This section deals with the experimental setup that we used for conducting in-field experiments, the dataset used for training both deep learning-based vision models, and the infield real-time results obtained with our vision models.

Hardware Setup

The proposed frameworks are implemented in the tobacco fields with a four-wheeled mobile robot platform. The robot has a track width and wheelbase of 1 and 1.3 m, respectively. In order to protect tobacco plants from the robot, the ground clearance of the platform was carefully chosen as 0.9 m. Moreover, the height of the robot’s platform can be adjusted anywhere between 0.9 and 0.4 m depending on different crops.
In order to keep robot design and control simple, a differential drive scheme was chosen with two driving wheels (front) and two passive wheels (rear). The robot is equipped with two DC motors connected to motor controllers for steering and driving the robot along the straight crop rows. Two separate RGB cameras are mounted on the robot: One is used for the crop row detection (for navigation), and the other is used for crop/weed detection (for spraying). The camera for row structure detection is mounted at the front with its face towards the ground and a horizon at an angle of 35 with the horizontal axis, covering three rows simultaneously. The camera for crop and weed detection is mounted at the front of the robot and oriented facing downwards to the ground at a fixed distance of 1.8 m from nozzles on the boom. The distance between the crop and weed detection camera and the boom is kept at the maximum in order to provide the desired time delay between detection and position estimation of the crop plant and the spray application process on every corresponding grid cell.
The vision-based detection system is coupled with spraying equipment and other sensing modules, thereby making a complete precision agricultural robotic spraying system.

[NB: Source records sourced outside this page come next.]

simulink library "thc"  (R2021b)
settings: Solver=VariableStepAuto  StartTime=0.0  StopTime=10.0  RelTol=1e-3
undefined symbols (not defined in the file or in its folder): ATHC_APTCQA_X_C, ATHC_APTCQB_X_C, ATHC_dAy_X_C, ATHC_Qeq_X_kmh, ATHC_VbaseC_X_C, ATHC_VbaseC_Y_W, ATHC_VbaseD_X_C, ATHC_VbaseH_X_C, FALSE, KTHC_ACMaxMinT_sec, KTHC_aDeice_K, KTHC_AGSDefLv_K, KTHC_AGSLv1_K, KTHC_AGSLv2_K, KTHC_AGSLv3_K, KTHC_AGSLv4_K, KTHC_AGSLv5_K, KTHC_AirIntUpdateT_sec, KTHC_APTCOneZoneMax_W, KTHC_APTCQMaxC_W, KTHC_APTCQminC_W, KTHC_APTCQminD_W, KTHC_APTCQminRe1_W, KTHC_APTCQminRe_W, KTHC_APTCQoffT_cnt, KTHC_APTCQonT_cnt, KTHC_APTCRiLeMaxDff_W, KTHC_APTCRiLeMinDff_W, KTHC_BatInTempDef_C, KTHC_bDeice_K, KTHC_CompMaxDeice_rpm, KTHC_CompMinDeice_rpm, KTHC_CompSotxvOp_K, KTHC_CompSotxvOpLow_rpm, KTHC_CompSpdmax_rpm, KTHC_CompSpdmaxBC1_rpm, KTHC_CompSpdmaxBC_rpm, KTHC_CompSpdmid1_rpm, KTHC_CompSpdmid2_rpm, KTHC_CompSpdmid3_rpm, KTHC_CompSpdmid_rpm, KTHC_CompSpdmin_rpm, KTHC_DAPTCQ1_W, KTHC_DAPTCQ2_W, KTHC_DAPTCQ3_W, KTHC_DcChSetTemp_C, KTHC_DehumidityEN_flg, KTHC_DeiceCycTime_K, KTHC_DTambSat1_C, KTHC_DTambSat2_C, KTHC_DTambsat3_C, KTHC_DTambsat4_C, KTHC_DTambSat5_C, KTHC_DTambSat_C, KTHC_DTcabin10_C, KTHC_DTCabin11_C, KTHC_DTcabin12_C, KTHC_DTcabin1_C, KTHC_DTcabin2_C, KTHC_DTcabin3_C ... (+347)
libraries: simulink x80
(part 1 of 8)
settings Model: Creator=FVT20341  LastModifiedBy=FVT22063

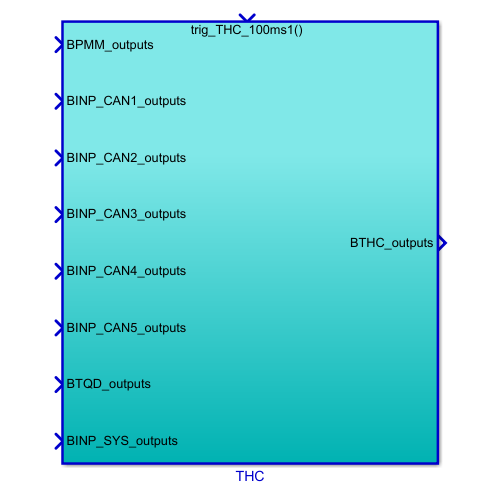
[thumbnail: Simulink's stored preview of the top-level diagram]
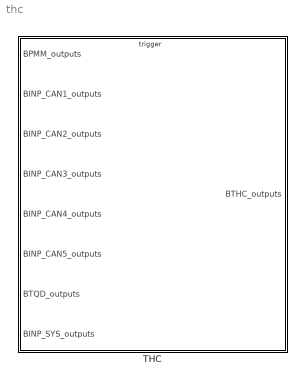
== system thc ==
  THC : Subsystem  TreatAsAtomicUnit=on
      settings: RTWSystemCode=Nonreusable function  RTWFcnNameOpts=Use subsystem name  RTWFileNameOpts=Use subsystem name

== system thc/THC ==
  BPMM_outputs : Inport  OutDataTypeStr=Bus: BPMM_outputs
  BINP_CAN1_outputs : Inport  Port=2  OutDataTypeStr=Bus: BINP_CAN1_outputs
  BINP_CAN2_outputs : Inport  Port=3  OutDataTypeStr=Bus: BINP_CAN2_outputs
  BINP_CAN3_outputs : Inport  Port=4  OutDataTypeStr=Bus: BINP_CAN3_outputs
  BINP_CAN4_outputs : Inport  Port=5  OutDataTypeStr=Bus: BINP_CAN4_outputs
  BINP_CAN5_outputs : Inport  Port=6  OutDataTypeStr=Bus: BINP_CAN5_outputs
  BTQD_outputs : Inport  Port=7  OutDataTypeStr=Bus: BTQD_outputs
  BINP_SYS_outputs : Inport  Port=8  OutDataTypeStr=Bus: BINP_SYS_outputs
  trig_THC_100ms1 : TriggerPort  TriggerType=function-call  VariantControl=(inherit)
  Bus Creator : BusCreator  Inputs=74  OutDataTypeStr=Bus: BTHC_outputs  NonVirtualBus=on
  Bus Selector : BusSelector  OutputSignals=VINP_FlashACModeMem_enum,VINP_FlashFace_flg,VINP_FlashFoot_flg,VINP_FlashFrost_flg,VINP_FlashFaceM_flg,VINP_FlashFootM_flg,VINP_FlashCCUSyncSts_flg,VINP_FlashACForceOFF_flg,VINP_FlashsigRecircSt_flg,VINP_FlashRecAutoFlg_flg,VINP_FlashAirIntenZone1M_enum,VINP_Flashfdefog_flg,VINP_FlashsigSetTempZon1St_C,VINP_FlashsigSetTempZon2StM_C
  Bus Selector1 : BusSelector  OutputSignals=VINP_VehSpeed_kph
  Bus Selector2 : BusSelector  OutputSignals=VINP_HVBMTempMax_C,VINP_HVBMTempMin_C,VINP_OBCTemp_C,VINP_DCDCTemp_C,VINP_RrTMTemp_C,VINP_RrMCUTemp_C,VINP_FrTMTemp_C,VINP_FrMCUTemp_C,VINP_ChrgPlugSta_enum,VINP_FrLLCTemp_C,VINP_RrLLCTemp_C,VINP_HVBIsoImpedenceN_Megaohm,VINP_HVBIsoImpedenceP_Megaohm,VINP_HVBHVILErr_flg
  Bus Selector3 : BusSelector  OutputSignals=VINP_PTHighTact_C,VINP_COMPStatorSpd_rpm,VINP_CompProEN_flg,VINP_PTLowP1_KPa,VINP_PTLowT1_C,VINP_PTLowP2_KPa,VINP_PTLowT2_C,VINP_PTHighP_KPa,VINP_Tamb_C,VINP_BatInTemp_C,VINP_BatOutTemp_C,VINP_MotorInTemp_C,VINP_MotorOutTemp_C,VINP_Tincar_C,VINP_SolarL_W,VINP_SolarR_W,VINP_Tevap_C,VINP_TFaceL_C,VINP_TFaceR_C,VINP_TFootL_C,VINP_TFootR_C,VINP_TFootRr_C,VINP_TFaceRr_C,VINP_EACProtectEnable_enum,VINP_TambErr_enum,VINP_SolarLErr_enum,VINP_SolarRErr_enum,VINP_TevapErr_enum,VINP_TFaceLErr_enum,VINP_TFaceRErr_enum,VINP_TFootLErr_enum,VINP_TFootRErr_enum,VINP_TFaceRrErr_enum,VINP_TFootRrErr_enum,VINP_TincarErr_enum,VINP_BatInTempErr_enum,VINP_MotorInTempErr_enum,VINP_MotorOutTempErr_enum,VINP_FanErr_enum,VINP_AGSErr_enum,VINP_EWP3Err_enum,VINP_PTHighPErr_enum,VINP_PTHighTactErr_enum,VINP_SOV1Err_enum,VINP_SOV2Err_enum,VINP_SOV3Err_enum,VINP_EXV1Err_enum,VINP_EXV2Err_enum,VINP_COMPErr_enum,VINP_BlowerErr_enum,VINP_PTLowP1Err_enum,VINP_PTLowT1Err_enum,VINP_PTLowP2Err_enum,VINP_PTLowT2Err_enum,VINP_SOTXVErr_enum,VINP_FrntPTCRearLeActHeatPwr_W,VINP_FrntPTCRearRiActHeatPwr_W,VINP_FrntPTCRiActHeatPwr_W
  Bus Selector4 : BusSelector  OutputSignals=VINP_OFFACMODE_enum,VINP_FCPFrEvtBtnACMaxReq_flg,VINP_FCPFrEvtBtnACReq_flg,VINP_FCPFrEvtBtnAutoReq_flg,VINP_FCPFrEvtBtnSyncReq_flg,VINP_sigAirIntenZon1Req_enum,VINP_sigRecircReq_flg,VINP_sigFaceReq_flg,VINP_sigFootReq_flg,VINP_sigDfrstReq_flg,VINP_sigSetTempZon1Req_C,VINP_CANMsgValidIVI2_flg,VINP_sigSetTempZon2Req_C,VINP_SmartEcoModeSW_flg
  Bus Selector5 : BusSelector  OutputSignals=VTQD_ShiftGearPosn_enum
  Bus Selector6 : BusSelector  OutputSignals=VINP_RemoteACTemp_C,VINP_RemoteAutoReq_flg
  Bus Selector7 : BusSelector  OutputSignals=VPMM_PowerSta_enum
  Ground : Ground
  Ground1 : Ground
  ThermalControl : Subsystem
  BTHC_outputs : Outport  OutDataTypeStr=Bus: BTHC_outputs
  wires:
  BPMM_outputs/1 -> Bus Selector7/1
  Bus Selector7/1 -> ThermalControl/1(VPMM_PwrSta_enum)  "<VPMM_PowerSta_enum>"
  BINP_CAN1_outputs/1 -> Bus Selector1/1
  Bus Selector1/1 -> ThermalControl/4(VINP_VehSpeed_kph)  "<VINP_VehSpeed_kph>"
  BINP_CAN3_outputs/1 -> Bus Selector2/1
  Bus Selector2/3 -> ThermalControl/7(VINP_OBCTemp_C)  "<VINP_OBCTemp_C>"
  Bus Selector2/4 -> ThermalControl/8(VINP_DCDCTemp_C)  "<VINP_DCDCTemp_C>"
  Bus Selector2/2 -> ThermalControl/6(VINP_HVBMTempMin_C)  "<VINP_HVBMTempMin_C>"
  Bus Selector2/5 -> ThermalControl/9(VINP_RrTMTemp_C)  "<VINP_RrTMTemp_C>"
  Bus Selector2/1 -> ThermalControl/5(VINP_HVBMTempMax_C)  "<VINP_HVBMTempMax_C>"
  Bus Selector2/6 -> ThermalControl/10(VINP_RrMCUTemp_C)  "<VINP_RrMCUTemp_C>"
  Bus Selector2/7 -> ThermalControl/11(VINP_FrTMTemp_C)  "<VINP_FrTMTemp_C>"
  Bus Selector2/8 -> ThermalControl/12(VINP_FrMCUTemp_C)  "<VINP_FrMCUTemp_C>"
  ThermalControl/32(VTHC_sigClntTHvBattOut_C) -> Bus Creator/32  "VTHC_sigClntTHvBattOut_C"
  ThermalControl/31(VTHC_sigSetTempZon2St_C) -> Bus Creator/31  "VTHC_sigSetTempZon2St_C"
  ThermalControl/30(VTHC_sigSetTempZon1St_C) -> Bus Creator/30  "VTHC_sigSetTempZon1St_C"
  ThermalControl/29(VTHC_sigRecircSt_flg) -> Bus Creator/29  "VTHC_sigRecircSt_flg"
  ThermalControl/28(VTHC_sigWindDirZon1St_enum) -> Bus Creator/28  "VTHC_sigWindDirZon1St_enum"
  ThermalControl/27(VTHC_sigAirIntenZon1St_enum) -> Bus Creator/27  "VTHC_sigAirIntenZon1St_enum"
  ThermalControl/26(VTHC_CCUSyncLampSts_flg) -> Bus Creator/26  "VTHC_CCUSyncLampSts_flg"
  ThermalControl/25(VTHC_CCUACMaxLampSts_flg) -> Bus Creator/25  "VTHC_CCUACMaxLampSts_flg"
  ThermalControl/24(VTHC_CCUAutoLampSts_flg) -> Bus Creator/24  "VTHC_CCUAutoLampSts_flg"
  ThermalControl/23(VTHC_CCUACLampSts_flg) -> Bus Creator/23  "VTHC_CCUACLampSts_flg"
  ThermalControl/22(VTHC_CabinMode_enum) -> Bus Creator/22  "VTHC_CabinMode_enum"
  ThermalControl/21(VTHC_EDriveMode_enum) -> Bus Creator/21  "VTHC_EDriveMode_enum"
  ThermalControl/20(VTHC_BatteryMode_enum) -> Bus Creator/20  "VTHC_BatteryMode_enum"
  ThermalControl/19(VTHC_FDBlowerCmd_pct) -> Bus Creator/19  "VTHC_FDBlowerCmd_pct"
  ThermalControl/17(VTHC_FDFrRiAPTCHeatPwrCmd_W) -> Bus Creator/17  "VTHC_FDFrRiAPTCHeatPwrCmd_W"
  ThermalControl/18(VTHC_FDRrAPTCHeatPwrCmd_W) -> Bus Creator/18  "VTHC_FDRrAPTCHeatPwrCmd_W"
  ThermalControl/16(VTHC_FDFrLeAPTCHeatPwrCmd_W) -> Bus Creator/16  "VTHC_FDFrLeAPTCHeatPwrCmd_W"
  ThermalControl/15(VTHC_FDEWP3Cmd_enum) -> Bus Creator/15  "VTHC_FDEWP3Cmd_enum"
  ThermalControl/14(VTHC_FDEWP2Cmd_enum) -> Bus Creator/14  "VTHC_FDEWP2Cmd_enum"
  ThermalControl/13(VTHC_FDEWP1Cmd_enum) -> Bus Creator/13  "VTHC_FDEWP1Cmd_enum"
  ThermalControl/12(VTHC_FDAGSCmd_enum) -> Bus Creator/12  "VTHC_FDAGSCmd_enum"
  ThermalControl/11(VTHC_CoolgFanActDuty_pct) -> Bus Creator/11  "VTHC_CoolgFanActDuty_pct"
  ThermalControl/10(VTHC_FDFrWPTCHeatPwrCmd_W) -> Bus Creator/10  "VTHC_FDFrWPTCHeatPwrCmd_W"
  ThermalControl/9(VTHC_FDTWVCmd_pct) -> Bus Creator/9  "VTHC_FDTWVCmd_pct"
  ThermalControl/8(VTHC_FDFWVCmd_flg) -> Bus Creator/8  "VTHC_FDFWVCmd_flg"
  ThermalControl/7(VTHC_FDSOTXVCmd_flg) -> Bus Creator/7  "VTHC_FDSOTXVCmd_flg"
  ThermalControl/6(VTHC_FDEXV2Cmd_step) -> Bus Creator/6  "VTHC_FDEXV2Cmd_step"
  ThermalControl/5(VTHC_FDEXV1Cmd_step) -> Bus Creator/5  "VTHC_FDEXV1Cmd_step"
  ThermalControl/4(VTHC_FDSOV3Cmd_flg) -> Bus Creator/4  "VTHC_FDSOV3Cmd_flg"
  ThermalControl/3(VTHC_FDSOV2Cmd_flg) -> Bus Creator/3  "VTHC_FDSOV2Cmd_flg"
  ThermalControl/2(VTHC_FDSOV1Cmd_flg) -> Bus Creator/2  "VTHC_FDSOV1Cmd_flg"
  ThermalControl/1(VTHC_FDCompCmd_rpm) -> Bus Creator/1  "VTHC_FDCompCmd_rpm"
  Bus Creator/1 -> BTHC_outputs/1  "BTHC_outputs"
  BINP_CAN4_outputs/1 -> Bus Selector3/1  "BINP_CAN4_outputs"
  Bus Selector3/4 -> ThermalControl/22(VINP_PTLowP1_kPa)  "<VINP_PTLowP1_KPa>"
  Bus Selector3/5 -> ThermalControl/23(VINP_PTLowT1_C)  "<VINP_PTLowT1_C>"
  Bus Selector3/6 -> ThermalControl/24(VINP_PTLowP2_kPa)  "<VINP_PTLowP2_KPa>"
  Bus Selector3/7 -> ThermalControl/25(VINP_PTLowT2_C)  "<VINP_PTLowT2_C>"
  Bus Selector3/8 -> ThermalControl/26(VINP_PTHighP_kPa)  "<VINP_PTHighP_KPa>"
  Bus Selector3/9 -> ThermalControl/27(VINP_Tamb_C)  "<VINP_Tamb_C>"
  Bus Selector3/10 -> ThermalControl/28(VINP_BatInTemp_C)  "<VINP_BatInTemp_C>"
  Bus Selector3/11 -> ThermalControl/29(VINP_BatOutTemp_C)  "<VINP_BatOutTemp_C>"
  Bus Selector3/12 -> ThermalControl/30(VINP_MotorInTemp_C)  "<VINP_MotorInTemp_C>"
  Bus Selector3/13 -> ThermalControl/31(VINP_MotorOutTemp_C)  "<VINP_MotorOutTemp_C>"
  Bus Selector3/14 -> ThermalControl/32(VINP_Tincar_C)  "<VINP_Tincar_C>"
  Bus Selector3/15 -> ThermalControl/33(VINP_SolarL_W)  "<VINP_SolarL_W>"
  Bus Selector3/16 -> ThermalControl/34(VINP_SolarR_W)  "<VINP_SolarR_W>"
  Bus Selector3/17 -> ThermalControl/35(VINP_Tevap_C)  "<VINP_Tevap_C>"
  Bus Selector3/18 -> ThermalControl/36(VINP_TFaceL_C)  "<VINP_TFaceL_C>"
  Bus Selector3/19 -> ThermalControl/37(VINP_TFaceR_C)  "<VINP_TFaceR_C>"
  Bus Selector3/20 -> ThermalControl/38(VINP_TFootL_C)  "<VINP_TFootL_C>"
  Bus Selector3/21 -> ThermalControl/39(VINP_TFootR_C)  "<VINP_TFootR_C>"
  Bus Selector3/22 -> ThermalControl/40(VINP_TFootRr_C)  "<VINP_TFootRr_C>"
  Bus Selector3/23 -> ThermalControl/41(VINP_TFaceRr_C)  "<VINP_TFaceRr_C>"
  BINP_CAN2_outputs/1 -> Bus Selector4/1  "BINP_CAN2_outputs"
  Bus Selector4/2 -> ThermalControl/78(VINP_FCPFrEvtBtnACMaxReq_flg)  "<VINP_FCPFrEvtBtnACMaxReq_flg>"
  Bus Selector4/3 -> ThermalControl/79(VINP_FCPFrEvtBtnACReq_flg)  "<VINP_FCPFrEvtBtnACReq_flg>"
  Bus Selector4/4 -> ThermalControl/80(VINP_FCPFrEvtBtnAutoReq_flg)  "<VINP_FCPFrEvtBtnAutoReq_flg>"
  Bus Selector4/5 -> ThermalControl/81(VINP_FCPFrEvtBtnSyncReq_flg)  "<VINP_FCPFrEvtBtnSyncReq_flg>"
  Bus Selector4/6 -> ThermalControl/82(VINP_sigAirIntenZon1Req_enum)  "<VINP_sigAirIntenZon1Req_enum>"
  Bus Selector4/7 -> ThermalControl/83(VINP_sigRecircReq_flg)  "<VINP_sigRecircReq_flg>"
  Bus Selector4/8 -> ThermalControl/84(VINP_sigFaceReq_flg)  "<VINP_sigFaceReq_flg>"
  Bus Selector4/9 -> ThermalControl/85(VINP_sigFootReq_flg)  "<VINP_sigFootReq_flg>"
  Bus Selector4/10 -> ThermalControl/86(VINP_sigFrostReq_flg)  "<VINP_sigDfrstReq_flg>"
  Bus Selector4/11 -> ThermalControl/87(VINP_sigSetTempZon1Req_C)  "<VINP_sigSetTempZon1Req_C>"
  Bus Selector4/12 -> ThermalControl/88(VINP_CANMsgValidIVI2_flg)  "<VINP_CANMsgValidIVI2_flg>"
  Bus Selector4/13 -> ThermalControl/89(VINP_sigSetTempZon2Req_C)  "<VINP_sigSetTempZon2Req_C>"
  Bus Selector2/9 -> ThermalControl/13(VINP_ChrgPlugSta_enum)  "<VINP_ChrgPlugSta_enum>"
  Bus Selector3/2 -> ThermalControl/20(VINP_COMP_StatorSpd_RPM)  "<VINP_COMPStatorSpd_rpm>"
  Bus Selector3/3 -> ThermalControl/21(VINP_CompProEN_flg)  "<VINP_CompProEN_flg>"
  ThermalControl/33(VTHC_sigCbnSolarLeft_W) -> Bus Creator/33  "VTHC_sigCbnSolarLeft_W"
  ThermalControl/34(VTHC_sigClntTHvBattIn_C) -> Bus Creator/34  "VTHC_sigClntTHvBattIn_C"
  ThermalControl/35(VTHC_sigCbnSolarRight_W) -> Bus Creator/35  "VTHC_sigCbnSolarRight_W"
  ThermalControl/36(VTHC_sigAmbAirT_C) -> Bus Creator/36  "VTHC_sigAmbAirT_C"
  ThermalControl/37(VTHC_sigCbnAirT_C) -> Bus Creator/37  "VTHC_sigCbnAirT_C"
  ThermalControl/38(VTHC_ACSubMode_enum) -> Bus Creator/38  "VTHC_ACSubMode_enum"
  ThermalControl/40(VTHC_CompP_K) -> Bus Creator/40  "VTHC_CompP_K"
  ThermalControl/41(VTHC_CompI_K) -> Bus Creator/41  "VTHC_CompI_K"
  ThermalControl/42(VTHC_CompU_K) -> Bus Creator/42  "VTHC_CompU_K"
  ThermalControl/43(VTHC_CompDeltaU_K) -> Bus Creator/43  "VTHC_CompDeltaU_K"
  ThermalControl/44(VTHC_Compe_K) -> Bus Creator/44  "VTHC_Compe_K"
  ThermalControl/45(VTHC_Blowere_K) -> Bus Creator/45  "VTHC_Blowere_K"
  ThermalControl/46(VTHC_BlowerP_K) -> Bus Creator/46  "VTHC_BlowerP_K"
  ThermalControl/47(VTHC_BlowerU_K) -> Bus Creator/47  "VTHC_BlowerU_K"
  ThermalControl/48(VTHC_Vbase_pct) -> Bus Creator/48  "VTHC_Vbase_pct"
  ThermalControl/49(VTHC_BlowerI_K) -> Bus Creator/49  "VTHC_BlowerI_K"
  ThermalControl/50(VTHC_EXV2P_K) -> Bus Creator/50  "VTHC_EXV2P_K"
  ThermalControl/51(VTHC_EXV2I_K) -> Bus Creator/51  "VTHC_EXV2I_K"
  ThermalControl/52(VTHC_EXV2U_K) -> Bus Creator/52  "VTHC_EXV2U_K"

A 12 V DC diaphragm pump is used to pressurize the fluid system. An electronic pressure regulated valve maintains a constant line pressure when different nozzles on the boom are switched ON and OFF based on feedback from the vision system and other sensing modules. The outflow line from the pump is divided into a bypass line that diverts excess flow back to the tank and a boom line onto which the nozzles are mounted. Two rotary incremental encoders (with resolutions of 1000 pulses per revolution) connected to the embedded controller are mounted on the front wheels’ axles to measure the rotation (and thereby speed) of the wheels. The incremental encoders and a GPS module facilitates the robot in determining its position and heading direction for navigation. Moreover, the optical data acquired via cameras are synchronized to the robot’s position through incremental encoders and GPS module.
The robot used ROS (Robot Operating System) as the middleware software framework. The cameras were connected to a computer possessing an Intel Core E5-1620, a 3.50 GHz processor, 32 GB RAM, and an 8 GB NVIDIA GTX 1650Ti GPU for processing the images. Moreover, Microsoft Visual Studio and Python were used for program development. The developed agricultural robot sprayer and its overall functional block diagram is shown in Figure 8 and Figure 9, respectively.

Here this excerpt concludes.